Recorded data
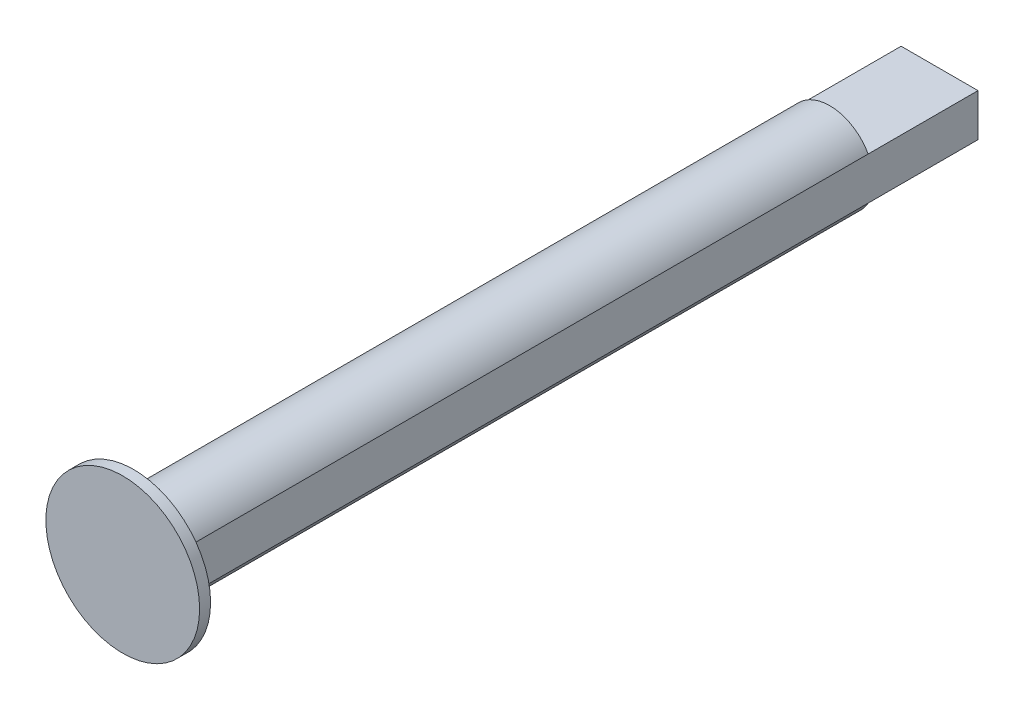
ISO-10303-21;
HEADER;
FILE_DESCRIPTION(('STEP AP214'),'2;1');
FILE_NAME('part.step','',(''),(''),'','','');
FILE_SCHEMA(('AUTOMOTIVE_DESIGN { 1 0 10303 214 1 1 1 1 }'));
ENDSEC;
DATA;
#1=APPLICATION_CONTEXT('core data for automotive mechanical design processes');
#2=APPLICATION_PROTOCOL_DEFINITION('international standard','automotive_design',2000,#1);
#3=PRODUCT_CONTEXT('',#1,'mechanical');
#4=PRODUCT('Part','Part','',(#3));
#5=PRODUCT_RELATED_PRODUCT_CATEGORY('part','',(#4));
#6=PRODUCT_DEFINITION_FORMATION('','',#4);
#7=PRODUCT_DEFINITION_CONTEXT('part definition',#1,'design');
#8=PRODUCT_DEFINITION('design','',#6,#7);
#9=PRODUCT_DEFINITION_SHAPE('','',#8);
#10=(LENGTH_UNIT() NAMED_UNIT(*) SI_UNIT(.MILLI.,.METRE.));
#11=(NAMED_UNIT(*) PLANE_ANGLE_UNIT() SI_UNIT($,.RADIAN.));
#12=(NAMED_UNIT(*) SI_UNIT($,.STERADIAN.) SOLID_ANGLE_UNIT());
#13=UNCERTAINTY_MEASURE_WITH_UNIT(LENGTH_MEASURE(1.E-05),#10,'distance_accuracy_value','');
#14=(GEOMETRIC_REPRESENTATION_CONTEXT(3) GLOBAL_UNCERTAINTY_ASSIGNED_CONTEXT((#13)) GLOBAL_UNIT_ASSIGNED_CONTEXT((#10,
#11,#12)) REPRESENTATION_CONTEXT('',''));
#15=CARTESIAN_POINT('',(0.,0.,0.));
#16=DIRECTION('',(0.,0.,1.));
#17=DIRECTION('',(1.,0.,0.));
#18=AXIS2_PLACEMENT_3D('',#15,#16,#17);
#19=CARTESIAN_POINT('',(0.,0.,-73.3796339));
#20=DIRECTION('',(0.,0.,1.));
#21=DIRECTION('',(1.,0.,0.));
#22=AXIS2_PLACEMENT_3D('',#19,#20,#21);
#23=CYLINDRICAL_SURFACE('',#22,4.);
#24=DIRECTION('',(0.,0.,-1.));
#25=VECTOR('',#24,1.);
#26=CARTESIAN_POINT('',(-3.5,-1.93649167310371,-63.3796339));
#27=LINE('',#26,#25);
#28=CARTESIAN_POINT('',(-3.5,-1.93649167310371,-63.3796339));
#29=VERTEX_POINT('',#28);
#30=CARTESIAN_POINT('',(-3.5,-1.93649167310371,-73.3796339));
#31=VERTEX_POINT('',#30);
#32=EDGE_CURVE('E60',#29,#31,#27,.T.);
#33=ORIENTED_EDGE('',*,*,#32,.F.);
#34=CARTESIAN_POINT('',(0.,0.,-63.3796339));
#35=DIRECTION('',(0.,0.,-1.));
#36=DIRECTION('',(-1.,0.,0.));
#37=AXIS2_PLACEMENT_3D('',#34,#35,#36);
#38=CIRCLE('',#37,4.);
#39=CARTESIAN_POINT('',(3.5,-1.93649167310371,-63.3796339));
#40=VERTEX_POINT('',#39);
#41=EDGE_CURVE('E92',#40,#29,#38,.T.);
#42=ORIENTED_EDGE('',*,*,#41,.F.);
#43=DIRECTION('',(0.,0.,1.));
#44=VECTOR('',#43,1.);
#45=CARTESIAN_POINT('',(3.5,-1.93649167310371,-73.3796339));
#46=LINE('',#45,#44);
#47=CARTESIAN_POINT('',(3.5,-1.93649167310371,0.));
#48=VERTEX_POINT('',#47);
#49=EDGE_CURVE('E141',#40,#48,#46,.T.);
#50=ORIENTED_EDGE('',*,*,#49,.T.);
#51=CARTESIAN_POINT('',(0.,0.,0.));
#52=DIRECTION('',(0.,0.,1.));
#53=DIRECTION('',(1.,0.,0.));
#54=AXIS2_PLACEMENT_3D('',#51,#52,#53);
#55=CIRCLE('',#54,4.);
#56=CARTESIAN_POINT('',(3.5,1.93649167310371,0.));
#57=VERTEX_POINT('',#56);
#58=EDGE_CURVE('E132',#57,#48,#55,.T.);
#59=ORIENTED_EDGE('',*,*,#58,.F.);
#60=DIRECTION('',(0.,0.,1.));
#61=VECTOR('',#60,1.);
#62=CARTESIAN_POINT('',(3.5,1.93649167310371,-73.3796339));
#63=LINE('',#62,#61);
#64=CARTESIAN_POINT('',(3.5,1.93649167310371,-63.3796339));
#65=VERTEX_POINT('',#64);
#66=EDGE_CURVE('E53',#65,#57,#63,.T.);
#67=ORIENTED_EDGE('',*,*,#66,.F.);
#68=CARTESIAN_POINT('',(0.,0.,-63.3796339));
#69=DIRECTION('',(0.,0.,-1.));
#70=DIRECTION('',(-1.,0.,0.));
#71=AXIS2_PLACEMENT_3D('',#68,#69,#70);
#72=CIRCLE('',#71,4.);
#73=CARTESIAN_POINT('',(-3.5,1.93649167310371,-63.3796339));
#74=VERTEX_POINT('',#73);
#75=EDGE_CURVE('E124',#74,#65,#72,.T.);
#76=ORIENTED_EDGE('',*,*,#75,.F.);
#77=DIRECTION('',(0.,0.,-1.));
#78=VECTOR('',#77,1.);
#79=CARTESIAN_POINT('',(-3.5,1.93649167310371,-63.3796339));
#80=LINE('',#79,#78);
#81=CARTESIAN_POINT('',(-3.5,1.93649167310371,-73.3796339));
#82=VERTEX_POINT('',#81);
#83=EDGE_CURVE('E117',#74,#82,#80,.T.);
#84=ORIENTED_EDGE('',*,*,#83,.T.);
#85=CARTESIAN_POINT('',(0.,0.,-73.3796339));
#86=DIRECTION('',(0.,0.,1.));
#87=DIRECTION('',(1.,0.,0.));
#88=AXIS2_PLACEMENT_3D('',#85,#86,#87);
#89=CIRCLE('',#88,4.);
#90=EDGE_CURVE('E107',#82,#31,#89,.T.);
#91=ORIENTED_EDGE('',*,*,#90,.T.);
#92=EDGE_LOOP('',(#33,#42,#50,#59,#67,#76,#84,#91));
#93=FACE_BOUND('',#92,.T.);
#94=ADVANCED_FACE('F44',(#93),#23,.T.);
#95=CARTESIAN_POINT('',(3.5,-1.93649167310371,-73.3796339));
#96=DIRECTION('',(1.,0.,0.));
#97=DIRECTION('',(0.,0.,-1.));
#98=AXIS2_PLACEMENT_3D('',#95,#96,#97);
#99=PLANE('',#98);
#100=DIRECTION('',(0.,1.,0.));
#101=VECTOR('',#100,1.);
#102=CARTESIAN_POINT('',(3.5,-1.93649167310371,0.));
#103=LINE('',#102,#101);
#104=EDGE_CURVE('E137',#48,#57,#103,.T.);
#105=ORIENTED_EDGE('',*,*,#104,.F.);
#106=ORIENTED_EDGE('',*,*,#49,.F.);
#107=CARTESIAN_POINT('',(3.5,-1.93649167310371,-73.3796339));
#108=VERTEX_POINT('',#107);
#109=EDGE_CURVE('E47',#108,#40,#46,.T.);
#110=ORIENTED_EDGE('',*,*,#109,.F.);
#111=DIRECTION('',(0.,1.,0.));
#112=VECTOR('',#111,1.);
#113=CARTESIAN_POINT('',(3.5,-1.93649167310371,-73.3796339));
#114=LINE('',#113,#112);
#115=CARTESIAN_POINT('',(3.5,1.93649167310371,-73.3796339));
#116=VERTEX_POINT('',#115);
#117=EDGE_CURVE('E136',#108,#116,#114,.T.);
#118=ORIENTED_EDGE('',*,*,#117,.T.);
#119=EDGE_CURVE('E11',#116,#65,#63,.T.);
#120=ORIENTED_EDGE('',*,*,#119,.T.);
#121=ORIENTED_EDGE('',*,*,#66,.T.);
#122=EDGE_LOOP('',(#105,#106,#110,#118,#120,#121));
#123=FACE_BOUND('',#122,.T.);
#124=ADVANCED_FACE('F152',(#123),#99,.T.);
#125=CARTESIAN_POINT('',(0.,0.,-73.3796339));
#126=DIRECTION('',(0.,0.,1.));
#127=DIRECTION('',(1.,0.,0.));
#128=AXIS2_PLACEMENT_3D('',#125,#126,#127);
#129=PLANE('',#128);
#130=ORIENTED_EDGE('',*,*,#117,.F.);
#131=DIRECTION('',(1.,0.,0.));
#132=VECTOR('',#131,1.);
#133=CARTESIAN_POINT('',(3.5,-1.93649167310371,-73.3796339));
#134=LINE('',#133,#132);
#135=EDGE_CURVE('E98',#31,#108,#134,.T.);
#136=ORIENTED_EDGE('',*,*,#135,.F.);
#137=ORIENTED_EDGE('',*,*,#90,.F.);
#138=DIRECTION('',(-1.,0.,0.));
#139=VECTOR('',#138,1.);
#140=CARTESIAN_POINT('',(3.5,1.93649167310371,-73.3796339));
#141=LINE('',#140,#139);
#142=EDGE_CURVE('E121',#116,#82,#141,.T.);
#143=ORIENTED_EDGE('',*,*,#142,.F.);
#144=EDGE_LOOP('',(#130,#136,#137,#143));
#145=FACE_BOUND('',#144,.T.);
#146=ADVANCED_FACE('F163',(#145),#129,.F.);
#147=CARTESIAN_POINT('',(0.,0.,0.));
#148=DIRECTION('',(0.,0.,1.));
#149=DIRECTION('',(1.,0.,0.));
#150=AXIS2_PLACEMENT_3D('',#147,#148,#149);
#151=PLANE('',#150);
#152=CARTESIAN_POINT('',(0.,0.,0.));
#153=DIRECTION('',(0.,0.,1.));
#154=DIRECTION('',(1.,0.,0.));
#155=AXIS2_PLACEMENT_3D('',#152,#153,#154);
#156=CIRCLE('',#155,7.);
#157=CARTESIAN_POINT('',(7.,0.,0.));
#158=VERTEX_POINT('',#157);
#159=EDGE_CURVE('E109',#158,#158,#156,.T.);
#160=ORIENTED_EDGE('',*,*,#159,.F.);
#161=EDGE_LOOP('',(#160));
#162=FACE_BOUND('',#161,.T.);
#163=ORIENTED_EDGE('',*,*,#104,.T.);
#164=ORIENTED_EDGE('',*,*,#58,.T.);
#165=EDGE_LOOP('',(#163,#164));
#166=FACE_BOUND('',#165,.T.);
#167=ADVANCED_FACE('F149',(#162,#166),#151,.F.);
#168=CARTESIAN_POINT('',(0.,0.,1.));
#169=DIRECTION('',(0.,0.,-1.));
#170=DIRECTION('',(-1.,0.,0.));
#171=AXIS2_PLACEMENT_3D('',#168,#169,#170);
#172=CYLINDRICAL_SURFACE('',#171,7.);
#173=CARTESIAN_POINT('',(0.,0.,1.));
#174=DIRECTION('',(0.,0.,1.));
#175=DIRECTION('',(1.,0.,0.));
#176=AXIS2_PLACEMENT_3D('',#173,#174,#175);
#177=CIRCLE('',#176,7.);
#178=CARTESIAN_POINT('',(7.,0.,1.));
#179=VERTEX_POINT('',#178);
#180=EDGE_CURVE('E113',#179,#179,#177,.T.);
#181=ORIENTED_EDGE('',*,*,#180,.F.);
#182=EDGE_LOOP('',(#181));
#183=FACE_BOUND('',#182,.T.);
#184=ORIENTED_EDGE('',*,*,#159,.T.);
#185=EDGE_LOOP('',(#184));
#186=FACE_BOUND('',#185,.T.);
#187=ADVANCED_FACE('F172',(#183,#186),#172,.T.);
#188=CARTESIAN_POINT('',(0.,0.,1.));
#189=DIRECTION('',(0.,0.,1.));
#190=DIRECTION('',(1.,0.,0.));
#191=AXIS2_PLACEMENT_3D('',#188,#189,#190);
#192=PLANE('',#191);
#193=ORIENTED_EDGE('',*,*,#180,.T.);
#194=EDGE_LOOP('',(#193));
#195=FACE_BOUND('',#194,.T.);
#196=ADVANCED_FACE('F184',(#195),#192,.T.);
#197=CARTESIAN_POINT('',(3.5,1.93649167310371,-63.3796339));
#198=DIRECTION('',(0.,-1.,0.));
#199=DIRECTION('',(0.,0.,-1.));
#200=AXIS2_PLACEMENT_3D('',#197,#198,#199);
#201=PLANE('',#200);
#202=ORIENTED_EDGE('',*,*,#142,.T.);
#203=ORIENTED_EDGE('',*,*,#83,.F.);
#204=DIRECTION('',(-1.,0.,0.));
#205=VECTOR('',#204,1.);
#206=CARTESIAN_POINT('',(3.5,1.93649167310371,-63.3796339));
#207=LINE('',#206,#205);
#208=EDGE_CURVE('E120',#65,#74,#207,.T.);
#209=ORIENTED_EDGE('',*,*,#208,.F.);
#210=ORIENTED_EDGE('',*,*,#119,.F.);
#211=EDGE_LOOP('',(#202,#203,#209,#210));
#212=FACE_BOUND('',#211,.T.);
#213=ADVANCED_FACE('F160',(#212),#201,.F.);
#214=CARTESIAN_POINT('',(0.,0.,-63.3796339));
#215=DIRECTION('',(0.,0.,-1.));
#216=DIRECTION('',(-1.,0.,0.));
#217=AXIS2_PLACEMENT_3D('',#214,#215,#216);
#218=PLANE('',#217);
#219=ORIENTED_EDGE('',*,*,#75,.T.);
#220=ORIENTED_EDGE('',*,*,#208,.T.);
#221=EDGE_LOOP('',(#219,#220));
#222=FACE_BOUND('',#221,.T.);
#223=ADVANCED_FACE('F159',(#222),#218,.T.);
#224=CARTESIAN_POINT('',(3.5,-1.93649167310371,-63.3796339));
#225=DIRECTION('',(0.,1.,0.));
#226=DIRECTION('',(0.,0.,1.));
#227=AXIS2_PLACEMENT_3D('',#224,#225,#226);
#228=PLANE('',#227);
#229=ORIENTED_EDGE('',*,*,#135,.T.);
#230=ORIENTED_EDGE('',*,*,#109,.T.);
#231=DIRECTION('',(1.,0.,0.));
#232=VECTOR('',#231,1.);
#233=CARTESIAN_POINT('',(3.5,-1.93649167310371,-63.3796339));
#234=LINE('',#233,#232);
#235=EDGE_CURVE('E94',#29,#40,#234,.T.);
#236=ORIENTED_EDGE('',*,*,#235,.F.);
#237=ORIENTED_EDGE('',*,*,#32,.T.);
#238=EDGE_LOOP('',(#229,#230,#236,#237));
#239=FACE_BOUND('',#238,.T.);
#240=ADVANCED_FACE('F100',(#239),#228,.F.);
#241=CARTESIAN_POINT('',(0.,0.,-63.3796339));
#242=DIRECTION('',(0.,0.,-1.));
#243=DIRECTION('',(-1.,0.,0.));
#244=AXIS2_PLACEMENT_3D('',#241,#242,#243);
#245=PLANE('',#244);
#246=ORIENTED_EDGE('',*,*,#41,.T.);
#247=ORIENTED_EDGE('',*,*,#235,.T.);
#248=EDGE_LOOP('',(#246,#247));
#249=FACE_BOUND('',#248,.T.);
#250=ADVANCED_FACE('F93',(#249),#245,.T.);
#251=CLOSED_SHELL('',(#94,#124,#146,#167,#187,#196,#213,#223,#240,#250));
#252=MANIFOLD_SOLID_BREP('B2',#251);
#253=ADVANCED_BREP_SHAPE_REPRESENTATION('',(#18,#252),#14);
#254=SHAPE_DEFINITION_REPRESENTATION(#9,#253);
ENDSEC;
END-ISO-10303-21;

Required action = Copy out the lines above exactly, beginning at the one that contains "#190=DIRECTION('',(1.,0.,0.));" and ending at the one that contains "#197=CARTESIAN_POINT('',(3.5,1.93649167310371,-63.3796339));".

Written answer =
#190=DIRECTION('',(1.,0.,0.));
#191=AXIS2_PLACEMENT_3D('',#188,#189,#190);
#192=PLANE('',#191);
#193=ORIENTED_EDGE('',*,*,#180,.T.);
#194=EDGE_LOOP('',(#193));
#195=FACE_BOUND('',#194,.T.);
#196=ADVANCED_FACE('F184',(#195),#192,.T.);
#197=CARTESIAN_POINT('',(3.5,1.93649167310371,-63.3796339));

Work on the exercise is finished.